Exercise prompt
Copy verbatim the block of lines in the entries below whose first line contains "#130=ADVANCED_FACE('F277',(#118,#129),#107,.F.);" and whose last line contains "#145=ORIENTED_EDGE('',*,*,#144,.T.);". Leave out all other lines.

Records section start

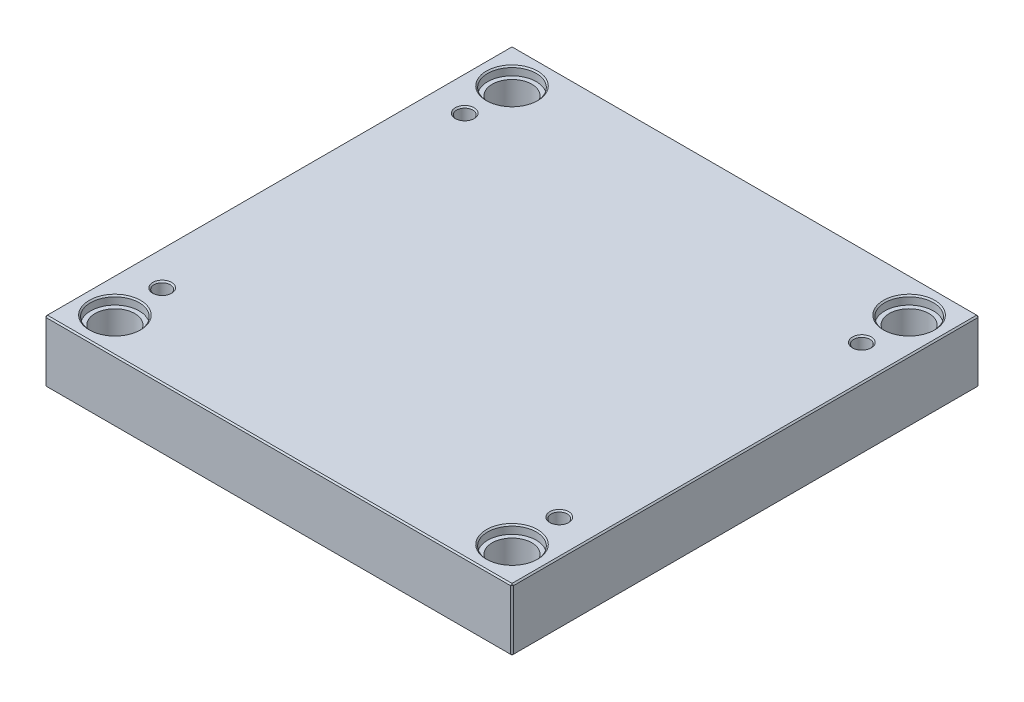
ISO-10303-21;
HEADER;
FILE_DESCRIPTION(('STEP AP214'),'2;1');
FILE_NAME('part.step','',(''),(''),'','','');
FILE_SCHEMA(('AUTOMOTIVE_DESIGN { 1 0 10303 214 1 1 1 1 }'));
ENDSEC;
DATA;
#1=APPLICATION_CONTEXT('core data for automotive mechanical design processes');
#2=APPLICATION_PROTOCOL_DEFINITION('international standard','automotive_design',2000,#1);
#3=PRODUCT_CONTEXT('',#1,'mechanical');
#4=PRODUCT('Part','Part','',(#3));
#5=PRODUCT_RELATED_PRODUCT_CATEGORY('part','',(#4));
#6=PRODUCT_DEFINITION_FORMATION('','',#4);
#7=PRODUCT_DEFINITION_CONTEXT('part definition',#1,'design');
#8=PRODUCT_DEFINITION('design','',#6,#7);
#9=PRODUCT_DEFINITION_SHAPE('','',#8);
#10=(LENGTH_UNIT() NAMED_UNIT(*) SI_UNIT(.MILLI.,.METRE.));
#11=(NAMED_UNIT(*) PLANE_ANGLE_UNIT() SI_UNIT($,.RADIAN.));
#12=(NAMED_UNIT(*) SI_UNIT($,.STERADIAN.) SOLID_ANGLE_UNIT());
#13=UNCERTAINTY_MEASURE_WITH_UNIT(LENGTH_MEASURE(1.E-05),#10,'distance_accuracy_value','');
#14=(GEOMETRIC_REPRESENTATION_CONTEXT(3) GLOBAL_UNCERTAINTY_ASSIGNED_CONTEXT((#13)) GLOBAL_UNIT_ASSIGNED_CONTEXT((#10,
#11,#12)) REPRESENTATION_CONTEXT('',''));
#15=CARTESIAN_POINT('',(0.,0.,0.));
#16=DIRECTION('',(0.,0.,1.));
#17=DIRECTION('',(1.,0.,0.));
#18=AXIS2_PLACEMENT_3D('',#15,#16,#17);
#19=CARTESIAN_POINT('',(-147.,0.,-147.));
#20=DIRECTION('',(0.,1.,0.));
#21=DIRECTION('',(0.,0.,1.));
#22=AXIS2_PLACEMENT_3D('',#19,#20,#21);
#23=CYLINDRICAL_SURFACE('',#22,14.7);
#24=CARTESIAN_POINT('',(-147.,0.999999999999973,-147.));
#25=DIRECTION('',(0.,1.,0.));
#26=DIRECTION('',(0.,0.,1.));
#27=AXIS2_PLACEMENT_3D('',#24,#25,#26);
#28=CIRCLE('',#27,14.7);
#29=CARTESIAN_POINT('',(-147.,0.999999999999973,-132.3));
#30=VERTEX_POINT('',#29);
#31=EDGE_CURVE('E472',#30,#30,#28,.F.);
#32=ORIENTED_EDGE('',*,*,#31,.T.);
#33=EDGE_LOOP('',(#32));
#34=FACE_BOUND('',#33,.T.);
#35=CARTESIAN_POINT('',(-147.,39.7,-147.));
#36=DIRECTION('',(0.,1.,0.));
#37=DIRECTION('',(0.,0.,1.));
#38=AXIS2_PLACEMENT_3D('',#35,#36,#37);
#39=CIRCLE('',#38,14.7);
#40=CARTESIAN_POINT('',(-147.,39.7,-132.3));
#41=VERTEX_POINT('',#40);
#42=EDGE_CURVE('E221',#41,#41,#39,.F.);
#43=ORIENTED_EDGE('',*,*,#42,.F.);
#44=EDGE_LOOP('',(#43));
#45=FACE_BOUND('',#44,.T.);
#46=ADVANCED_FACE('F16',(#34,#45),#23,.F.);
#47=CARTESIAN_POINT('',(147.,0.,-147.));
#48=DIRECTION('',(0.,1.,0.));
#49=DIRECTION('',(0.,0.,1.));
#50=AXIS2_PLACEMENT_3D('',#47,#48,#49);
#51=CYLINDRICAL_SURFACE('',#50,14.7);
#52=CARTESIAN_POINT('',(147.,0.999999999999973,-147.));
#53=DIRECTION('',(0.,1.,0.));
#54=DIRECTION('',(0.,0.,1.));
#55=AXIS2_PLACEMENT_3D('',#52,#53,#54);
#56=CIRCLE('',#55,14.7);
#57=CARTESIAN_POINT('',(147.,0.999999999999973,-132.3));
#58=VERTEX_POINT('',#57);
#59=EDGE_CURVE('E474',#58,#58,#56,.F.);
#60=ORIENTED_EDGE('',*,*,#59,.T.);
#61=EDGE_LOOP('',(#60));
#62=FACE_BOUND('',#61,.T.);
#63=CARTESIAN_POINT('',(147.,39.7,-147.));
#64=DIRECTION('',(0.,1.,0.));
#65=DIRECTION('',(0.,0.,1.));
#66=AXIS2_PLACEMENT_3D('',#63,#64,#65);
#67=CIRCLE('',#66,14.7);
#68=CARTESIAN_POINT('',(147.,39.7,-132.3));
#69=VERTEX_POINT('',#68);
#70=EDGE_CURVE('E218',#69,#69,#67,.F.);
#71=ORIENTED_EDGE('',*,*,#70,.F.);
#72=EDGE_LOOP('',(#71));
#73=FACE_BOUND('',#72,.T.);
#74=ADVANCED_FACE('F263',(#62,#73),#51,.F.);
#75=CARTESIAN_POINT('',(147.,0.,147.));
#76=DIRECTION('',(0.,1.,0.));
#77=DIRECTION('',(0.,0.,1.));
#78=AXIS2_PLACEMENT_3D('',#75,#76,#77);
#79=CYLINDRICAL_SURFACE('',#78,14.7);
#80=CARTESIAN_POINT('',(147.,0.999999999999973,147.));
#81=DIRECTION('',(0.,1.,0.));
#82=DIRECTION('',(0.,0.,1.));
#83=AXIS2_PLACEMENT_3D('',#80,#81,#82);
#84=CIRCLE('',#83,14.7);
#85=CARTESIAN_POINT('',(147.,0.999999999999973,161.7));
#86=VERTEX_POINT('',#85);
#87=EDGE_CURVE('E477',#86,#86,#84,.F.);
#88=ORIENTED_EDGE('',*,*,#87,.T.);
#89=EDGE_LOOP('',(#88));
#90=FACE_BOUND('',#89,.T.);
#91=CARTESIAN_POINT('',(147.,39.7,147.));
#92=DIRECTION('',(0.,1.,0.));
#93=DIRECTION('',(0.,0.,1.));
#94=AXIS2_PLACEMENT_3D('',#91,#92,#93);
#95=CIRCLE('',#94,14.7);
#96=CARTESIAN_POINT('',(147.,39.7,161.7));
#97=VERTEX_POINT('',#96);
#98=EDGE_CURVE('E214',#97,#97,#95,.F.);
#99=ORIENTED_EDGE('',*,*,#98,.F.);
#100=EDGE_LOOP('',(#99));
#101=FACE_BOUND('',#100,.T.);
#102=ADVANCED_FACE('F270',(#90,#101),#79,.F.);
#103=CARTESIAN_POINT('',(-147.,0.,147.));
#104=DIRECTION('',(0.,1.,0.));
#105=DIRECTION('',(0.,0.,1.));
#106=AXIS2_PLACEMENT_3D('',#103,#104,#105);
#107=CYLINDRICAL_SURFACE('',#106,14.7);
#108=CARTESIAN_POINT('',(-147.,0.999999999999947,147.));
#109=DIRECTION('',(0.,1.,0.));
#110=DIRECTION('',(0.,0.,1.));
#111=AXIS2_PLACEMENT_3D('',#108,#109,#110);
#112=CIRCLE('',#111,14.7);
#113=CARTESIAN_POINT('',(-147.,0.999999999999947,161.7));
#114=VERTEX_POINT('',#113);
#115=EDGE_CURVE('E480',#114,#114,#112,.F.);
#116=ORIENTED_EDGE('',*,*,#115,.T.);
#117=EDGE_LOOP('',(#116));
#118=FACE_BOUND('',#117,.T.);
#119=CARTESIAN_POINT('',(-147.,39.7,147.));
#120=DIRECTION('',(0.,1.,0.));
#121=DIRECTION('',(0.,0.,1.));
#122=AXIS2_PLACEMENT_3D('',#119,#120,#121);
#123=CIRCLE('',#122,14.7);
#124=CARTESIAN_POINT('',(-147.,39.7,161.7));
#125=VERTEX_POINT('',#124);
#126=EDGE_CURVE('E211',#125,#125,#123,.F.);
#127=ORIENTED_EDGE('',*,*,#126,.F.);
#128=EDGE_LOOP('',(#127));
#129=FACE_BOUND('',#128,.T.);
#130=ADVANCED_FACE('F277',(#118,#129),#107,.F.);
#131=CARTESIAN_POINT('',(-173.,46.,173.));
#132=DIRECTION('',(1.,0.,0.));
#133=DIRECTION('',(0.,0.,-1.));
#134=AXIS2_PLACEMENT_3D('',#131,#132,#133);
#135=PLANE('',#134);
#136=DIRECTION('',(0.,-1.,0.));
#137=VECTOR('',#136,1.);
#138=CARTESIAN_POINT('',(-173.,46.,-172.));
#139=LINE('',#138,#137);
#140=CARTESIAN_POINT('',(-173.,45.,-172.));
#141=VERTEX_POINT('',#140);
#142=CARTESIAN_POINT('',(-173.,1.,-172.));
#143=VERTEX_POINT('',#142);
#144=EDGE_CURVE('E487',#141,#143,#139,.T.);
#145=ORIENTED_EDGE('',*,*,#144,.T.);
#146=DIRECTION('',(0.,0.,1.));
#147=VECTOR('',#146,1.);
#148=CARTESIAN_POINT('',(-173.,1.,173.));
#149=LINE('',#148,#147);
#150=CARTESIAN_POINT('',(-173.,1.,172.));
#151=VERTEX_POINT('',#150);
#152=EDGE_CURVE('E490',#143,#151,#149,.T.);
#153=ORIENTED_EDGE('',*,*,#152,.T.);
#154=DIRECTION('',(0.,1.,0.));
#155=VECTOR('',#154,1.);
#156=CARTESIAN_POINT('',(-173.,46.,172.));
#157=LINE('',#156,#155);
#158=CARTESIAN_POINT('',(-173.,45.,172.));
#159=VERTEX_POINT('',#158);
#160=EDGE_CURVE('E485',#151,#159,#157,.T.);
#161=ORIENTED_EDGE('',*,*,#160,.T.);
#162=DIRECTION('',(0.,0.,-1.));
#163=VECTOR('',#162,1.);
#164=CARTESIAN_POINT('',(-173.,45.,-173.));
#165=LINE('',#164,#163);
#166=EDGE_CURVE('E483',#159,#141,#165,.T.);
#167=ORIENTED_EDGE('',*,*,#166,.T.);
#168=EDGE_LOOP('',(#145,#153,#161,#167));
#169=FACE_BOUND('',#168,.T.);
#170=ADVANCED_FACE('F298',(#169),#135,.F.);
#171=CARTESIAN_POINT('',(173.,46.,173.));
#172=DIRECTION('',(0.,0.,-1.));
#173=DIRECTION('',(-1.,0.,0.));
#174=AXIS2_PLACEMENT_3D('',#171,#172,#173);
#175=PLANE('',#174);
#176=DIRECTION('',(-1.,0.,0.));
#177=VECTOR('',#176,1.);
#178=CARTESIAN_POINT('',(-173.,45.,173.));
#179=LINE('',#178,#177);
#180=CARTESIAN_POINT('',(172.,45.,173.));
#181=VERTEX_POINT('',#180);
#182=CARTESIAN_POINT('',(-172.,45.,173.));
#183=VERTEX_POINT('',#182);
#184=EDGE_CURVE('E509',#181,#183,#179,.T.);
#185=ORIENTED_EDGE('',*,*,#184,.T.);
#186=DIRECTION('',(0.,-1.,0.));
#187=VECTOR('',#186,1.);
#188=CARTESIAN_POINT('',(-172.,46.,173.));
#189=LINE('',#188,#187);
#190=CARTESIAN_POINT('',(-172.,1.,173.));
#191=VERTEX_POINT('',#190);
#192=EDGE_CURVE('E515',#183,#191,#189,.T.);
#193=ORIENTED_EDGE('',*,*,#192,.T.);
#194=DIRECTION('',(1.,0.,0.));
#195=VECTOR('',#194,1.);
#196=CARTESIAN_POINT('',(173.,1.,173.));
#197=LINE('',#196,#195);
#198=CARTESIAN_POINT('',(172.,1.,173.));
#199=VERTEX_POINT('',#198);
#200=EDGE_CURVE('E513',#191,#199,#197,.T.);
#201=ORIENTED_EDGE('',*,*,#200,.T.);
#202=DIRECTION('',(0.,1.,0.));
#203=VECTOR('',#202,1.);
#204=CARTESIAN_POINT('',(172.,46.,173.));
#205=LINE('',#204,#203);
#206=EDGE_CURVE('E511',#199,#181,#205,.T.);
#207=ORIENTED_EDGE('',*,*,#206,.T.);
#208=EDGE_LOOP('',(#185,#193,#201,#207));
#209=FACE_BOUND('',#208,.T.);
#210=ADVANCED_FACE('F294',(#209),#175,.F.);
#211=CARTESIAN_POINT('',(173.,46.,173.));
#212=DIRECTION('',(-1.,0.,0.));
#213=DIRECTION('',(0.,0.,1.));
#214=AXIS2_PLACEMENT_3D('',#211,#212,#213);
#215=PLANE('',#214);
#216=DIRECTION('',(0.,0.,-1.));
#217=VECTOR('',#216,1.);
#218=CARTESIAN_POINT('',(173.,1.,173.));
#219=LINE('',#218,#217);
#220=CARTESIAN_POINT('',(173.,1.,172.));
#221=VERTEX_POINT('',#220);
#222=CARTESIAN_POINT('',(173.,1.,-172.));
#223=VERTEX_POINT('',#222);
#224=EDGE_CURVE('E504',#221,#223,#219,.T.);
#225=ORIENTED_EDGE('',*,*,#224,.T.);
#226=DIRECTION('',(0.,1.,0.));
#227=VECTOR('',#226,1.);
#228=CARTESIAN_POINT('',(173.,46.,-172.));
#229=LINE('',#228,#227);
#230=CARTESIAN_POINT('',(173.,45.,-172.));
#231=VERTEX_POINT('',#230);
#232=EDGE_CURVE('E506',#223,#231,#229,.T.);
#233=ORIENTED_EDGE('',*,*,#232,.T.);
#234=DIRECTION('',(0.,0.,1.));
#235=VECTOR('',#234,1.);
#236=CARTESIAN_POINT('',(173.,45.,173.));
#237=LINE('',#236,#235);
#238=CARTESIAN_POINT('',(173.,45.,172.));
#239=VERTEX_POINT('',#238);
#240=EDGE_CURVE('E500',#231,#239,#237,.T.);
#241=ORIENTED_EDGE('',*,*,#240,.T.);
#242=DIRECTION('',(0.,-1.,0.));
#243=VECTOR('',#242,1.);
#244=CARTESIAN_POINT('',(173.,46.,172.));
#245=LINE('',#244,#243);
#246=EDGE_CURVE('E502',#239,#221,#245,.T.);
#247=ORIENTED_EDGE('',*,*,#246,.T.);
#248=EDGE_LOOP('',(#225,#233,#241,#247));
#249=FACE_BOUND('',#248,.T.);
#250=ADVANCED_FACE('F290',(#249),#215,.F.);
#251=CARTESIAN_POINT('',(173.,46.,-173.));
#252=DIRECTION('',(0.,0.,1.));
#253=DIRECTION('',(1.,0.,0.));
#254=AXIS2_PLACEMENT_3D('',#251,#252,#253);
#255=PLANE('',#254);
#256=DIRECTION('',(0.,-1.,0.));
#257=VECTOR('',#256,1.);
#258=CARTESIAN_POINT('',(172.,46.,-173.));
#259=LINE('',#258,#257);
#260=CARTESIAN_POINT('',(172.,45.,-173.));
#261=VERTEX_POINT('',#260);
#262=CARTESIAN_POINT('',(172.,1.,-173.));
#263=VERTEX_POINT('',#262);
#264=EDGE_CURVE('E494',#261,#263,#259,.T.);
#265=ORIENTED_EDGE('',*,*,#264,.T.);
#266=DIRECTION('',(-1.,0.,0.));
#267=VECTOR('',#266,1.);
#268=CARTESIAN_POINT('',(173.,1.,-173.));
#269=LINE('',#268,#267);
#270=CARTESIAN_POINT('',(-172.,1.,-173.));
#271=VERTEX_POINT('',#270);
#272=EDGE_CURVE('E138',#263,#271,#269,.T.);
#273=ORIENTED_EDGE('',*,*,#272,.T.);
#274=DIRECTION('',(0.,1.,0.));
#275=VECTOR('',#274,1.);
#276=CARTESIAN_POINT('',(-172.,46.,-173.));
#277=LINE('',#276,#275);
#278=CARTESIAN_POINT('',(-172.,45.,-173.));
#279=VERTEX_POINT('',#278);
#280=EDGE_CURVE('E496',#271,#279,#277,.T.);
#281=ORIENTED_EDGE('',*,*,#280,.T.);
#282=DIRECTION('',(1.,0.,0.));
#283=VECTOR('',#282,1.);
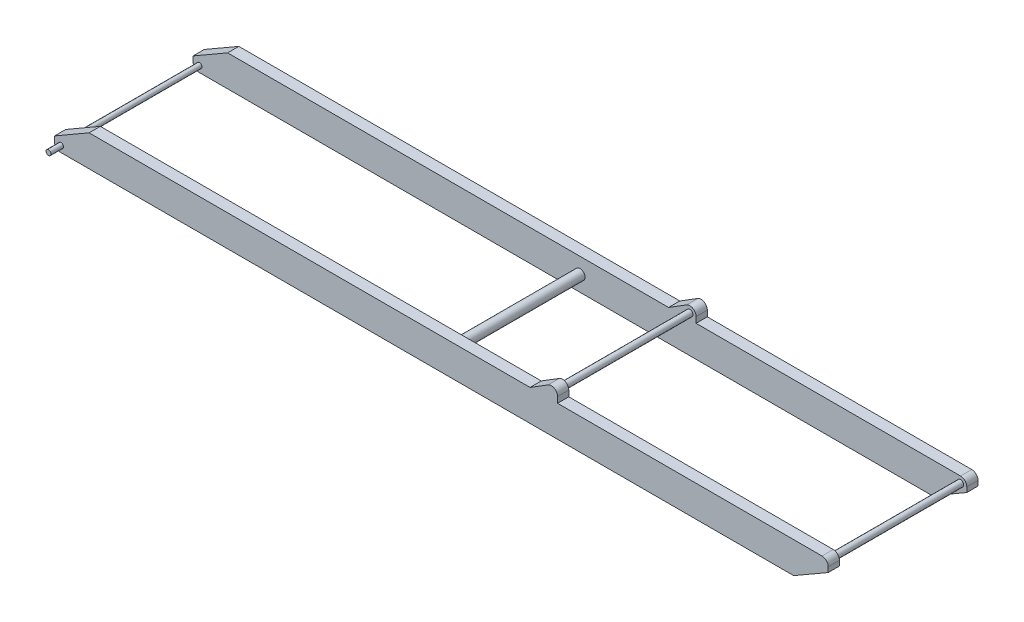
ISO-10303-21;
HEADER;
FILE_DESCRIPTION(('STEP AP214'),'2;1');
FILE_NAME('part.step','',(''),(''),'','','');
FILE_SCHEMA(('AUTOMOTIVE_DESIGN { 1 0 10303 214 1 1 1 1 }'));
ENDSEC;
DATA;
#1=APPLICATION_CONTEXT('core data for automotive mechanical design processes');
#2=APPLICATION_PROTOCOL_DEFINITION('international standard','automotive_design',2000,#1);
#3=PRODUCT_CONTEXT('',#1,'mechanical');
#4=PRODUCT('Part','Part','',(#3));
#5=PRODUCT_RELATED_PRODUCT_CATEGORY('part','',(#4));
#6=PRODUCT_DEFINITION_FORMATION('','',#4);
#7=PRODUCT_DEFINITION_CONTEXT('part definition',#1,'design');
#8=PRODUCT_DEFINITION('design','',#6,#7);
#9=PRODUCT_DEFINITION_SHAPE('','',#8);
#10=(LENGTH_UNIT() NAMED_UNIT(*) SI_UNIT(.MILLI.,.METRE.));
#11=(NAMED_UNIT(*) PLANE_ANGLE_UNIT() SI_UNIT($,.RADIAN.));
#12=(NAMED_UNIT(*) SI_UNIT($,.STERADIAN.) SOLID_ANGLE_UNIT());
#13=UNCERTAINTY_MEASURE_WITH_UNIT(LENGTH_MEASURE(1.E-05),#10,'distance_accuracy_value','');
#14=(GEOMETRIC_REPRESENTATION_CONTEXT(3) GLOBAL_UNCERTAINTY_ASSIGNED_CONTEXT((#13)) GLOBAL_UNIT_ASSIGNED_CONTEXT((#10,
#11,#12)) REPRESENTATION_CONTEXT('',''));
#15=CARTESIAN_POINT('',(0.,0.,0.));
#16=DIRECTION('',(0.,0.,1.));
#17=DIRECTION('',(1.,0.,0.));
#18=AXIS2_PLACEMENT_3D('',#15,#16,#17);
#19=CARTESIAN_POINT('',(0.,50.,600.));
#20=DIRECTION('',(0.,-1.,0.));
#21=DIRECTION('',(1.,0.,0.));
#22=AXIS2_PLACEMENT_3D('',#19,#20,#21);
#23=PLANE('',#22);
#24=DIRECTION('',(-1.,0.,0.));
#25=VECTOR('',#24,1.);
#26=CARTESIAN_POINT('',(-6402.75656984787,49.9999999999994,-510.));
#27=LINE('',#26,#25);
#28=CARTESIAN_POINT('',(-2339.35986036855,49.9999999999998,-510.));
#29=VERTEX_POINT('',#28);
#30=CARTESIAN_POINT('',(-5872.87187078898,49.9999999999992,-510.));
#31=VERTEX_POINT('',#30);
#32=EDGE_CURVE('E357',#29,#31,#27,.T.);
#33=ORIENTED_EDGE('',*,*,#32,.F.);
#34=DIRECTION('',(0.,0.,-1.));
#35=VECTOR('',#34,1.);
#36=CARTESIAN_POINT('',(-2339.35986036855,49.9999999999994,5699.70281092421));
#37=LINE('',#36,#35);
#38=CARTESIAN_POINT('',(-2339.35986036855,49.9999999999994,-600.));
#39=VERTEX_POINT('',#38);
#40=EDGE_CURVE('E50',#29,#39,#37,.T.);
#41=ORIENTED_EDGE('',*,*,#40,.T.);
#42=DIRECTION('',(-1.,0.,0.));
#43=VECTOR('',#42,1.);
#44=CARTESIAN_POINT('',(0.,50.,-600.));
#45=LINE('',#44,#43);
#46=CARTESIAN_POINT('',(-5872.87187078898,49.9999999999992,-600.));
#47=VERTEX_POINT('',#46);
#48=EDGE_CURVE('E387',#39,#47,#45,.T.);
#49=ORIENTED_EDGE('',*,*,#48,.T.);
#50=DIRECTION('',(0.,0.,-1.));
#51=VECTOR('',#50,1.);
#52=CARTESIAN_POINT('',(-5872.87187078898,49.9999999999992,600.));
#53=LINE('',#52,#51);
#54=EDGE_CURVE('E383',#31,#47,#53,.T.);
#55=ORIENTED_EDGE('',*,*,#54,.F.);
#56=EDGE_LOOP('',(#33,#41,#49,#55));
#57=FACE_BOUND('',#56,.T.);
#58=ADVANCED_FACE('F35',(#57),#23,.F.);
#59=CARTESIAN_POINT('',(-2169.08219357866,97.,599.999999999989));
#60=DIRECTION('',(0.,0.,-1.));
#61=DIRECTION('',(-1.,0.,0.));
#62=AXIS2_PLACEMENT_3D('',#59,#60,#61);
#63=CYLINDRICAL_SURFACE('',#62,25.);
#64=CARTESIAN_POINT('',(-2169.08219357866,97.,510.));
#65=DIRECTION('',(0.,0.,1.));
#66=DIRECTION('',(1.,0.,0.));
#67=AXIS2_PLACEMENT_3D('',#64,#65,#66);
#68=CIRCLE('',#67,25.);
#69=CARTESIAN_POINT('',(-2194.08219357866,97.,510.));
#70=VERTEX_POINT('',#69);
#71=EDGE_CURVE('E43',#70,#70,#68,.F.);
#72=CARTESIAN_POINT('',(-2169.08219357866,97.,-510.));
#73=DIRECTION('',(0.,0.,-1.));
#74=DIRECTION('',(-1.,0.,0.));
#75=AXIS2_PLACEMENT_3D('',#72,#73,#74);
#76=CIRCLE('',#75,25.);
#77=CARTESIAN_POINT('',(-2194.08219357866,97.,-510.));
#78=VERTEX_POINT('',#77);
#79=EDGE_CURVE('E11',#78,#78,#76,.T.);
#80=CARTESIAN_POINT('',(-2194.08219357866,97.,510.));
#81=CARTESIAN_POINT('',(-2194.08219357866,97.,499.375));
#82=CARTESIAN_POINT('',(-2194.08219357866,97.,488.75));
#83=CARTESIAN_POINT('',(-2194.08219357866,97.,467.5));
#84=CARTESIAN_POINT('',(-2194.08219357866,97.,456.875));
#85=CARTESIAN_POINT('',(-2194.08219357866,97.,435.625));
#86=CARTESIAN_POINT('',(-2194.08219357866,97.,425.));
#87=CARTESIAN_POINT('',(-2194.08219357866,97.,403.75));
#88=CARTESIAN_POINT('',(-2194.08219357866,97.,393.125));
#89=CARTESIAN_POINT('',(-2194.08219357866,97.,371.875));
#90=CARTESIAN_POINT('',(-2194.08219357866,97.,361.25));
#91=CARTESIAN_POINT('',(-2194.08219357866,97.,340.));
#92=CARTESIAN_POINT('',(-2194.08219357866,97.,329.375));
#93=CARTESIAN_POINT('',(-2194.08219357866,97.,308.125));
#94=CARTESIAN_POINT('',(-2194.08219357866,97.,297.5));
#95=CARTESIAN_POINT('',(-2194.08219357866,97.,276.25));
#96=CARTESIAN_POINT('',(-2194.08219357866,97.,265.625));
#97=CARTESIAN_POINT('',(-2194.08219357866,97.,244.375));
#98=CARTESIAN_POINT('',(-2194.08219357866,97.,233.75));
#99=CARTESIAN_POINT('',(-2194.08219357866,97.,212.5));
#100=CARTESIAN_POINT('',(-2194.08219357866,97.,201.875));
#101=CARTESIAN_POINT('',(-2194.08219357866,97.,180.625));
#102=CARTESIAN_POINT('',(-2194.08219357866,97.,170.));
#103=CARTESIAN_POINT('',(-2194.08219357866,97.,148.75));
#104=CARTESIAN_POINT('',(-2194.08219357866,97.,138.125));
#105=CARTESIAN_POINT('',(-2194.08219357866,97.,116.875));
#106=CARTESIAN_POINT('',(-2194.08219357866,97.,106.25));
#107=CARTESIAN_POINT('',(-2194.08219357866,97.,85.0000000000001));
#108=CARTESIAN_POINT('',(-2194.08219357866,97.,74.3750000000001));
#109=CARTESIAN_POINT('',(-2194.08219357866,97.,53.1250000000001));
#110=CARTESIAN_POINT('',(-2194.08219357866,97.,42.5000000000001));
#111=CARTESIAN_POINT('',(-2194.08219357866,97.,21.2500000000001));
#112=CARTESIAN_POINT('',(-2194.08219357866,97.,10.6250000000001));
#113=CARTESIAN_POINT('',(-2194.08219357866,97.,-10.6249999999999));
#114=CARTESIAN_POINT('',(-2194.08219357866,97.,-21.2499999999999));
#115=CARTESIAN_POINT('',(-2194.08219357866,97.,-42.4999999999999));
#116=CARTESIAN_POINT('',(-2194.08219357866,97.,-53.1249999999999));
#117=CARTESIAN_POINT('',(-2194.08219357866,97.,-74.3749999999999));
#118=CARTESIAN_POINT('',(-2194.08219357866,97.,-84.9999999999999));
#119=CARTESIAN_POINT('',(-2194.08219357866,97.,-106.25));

Records section end

Your response
#130=ADVANCED_FACE('F277',(#118,#129),#107,.F.);
#131=CARTESIAN_POINT('',(-173.,46.,173.));
#132=DIRECTION('',(1.,0.,0.));
#133=DIRECTION('',(0.,0.,-1.));
#134=AXIS2_PLACEMENT_3D('',#131,#132,#133);
#135=PLANE('',#134);
#136=DIRECTION('',(0.,-1.,0.));
#137=VECTOR('',#136,1.);
#138=CARTESIAN_POINT('',(-173.,46.,-172.));
#139=LINE('',#138,#137);
#140=CARTESIAN_POINT('',(-173.,45.,-172.));
#141=VERTEX_POINT('',#140);
#142=CARTESIAN_POINT('',(-173.,1.,-172.));
#143=VERTEX_POINT('',#142);
#144=EDGE_CURVE('E487',#141,#143,#139,.T.);
#145=ORIENTED_EDGE('',*,*,#144,.T.);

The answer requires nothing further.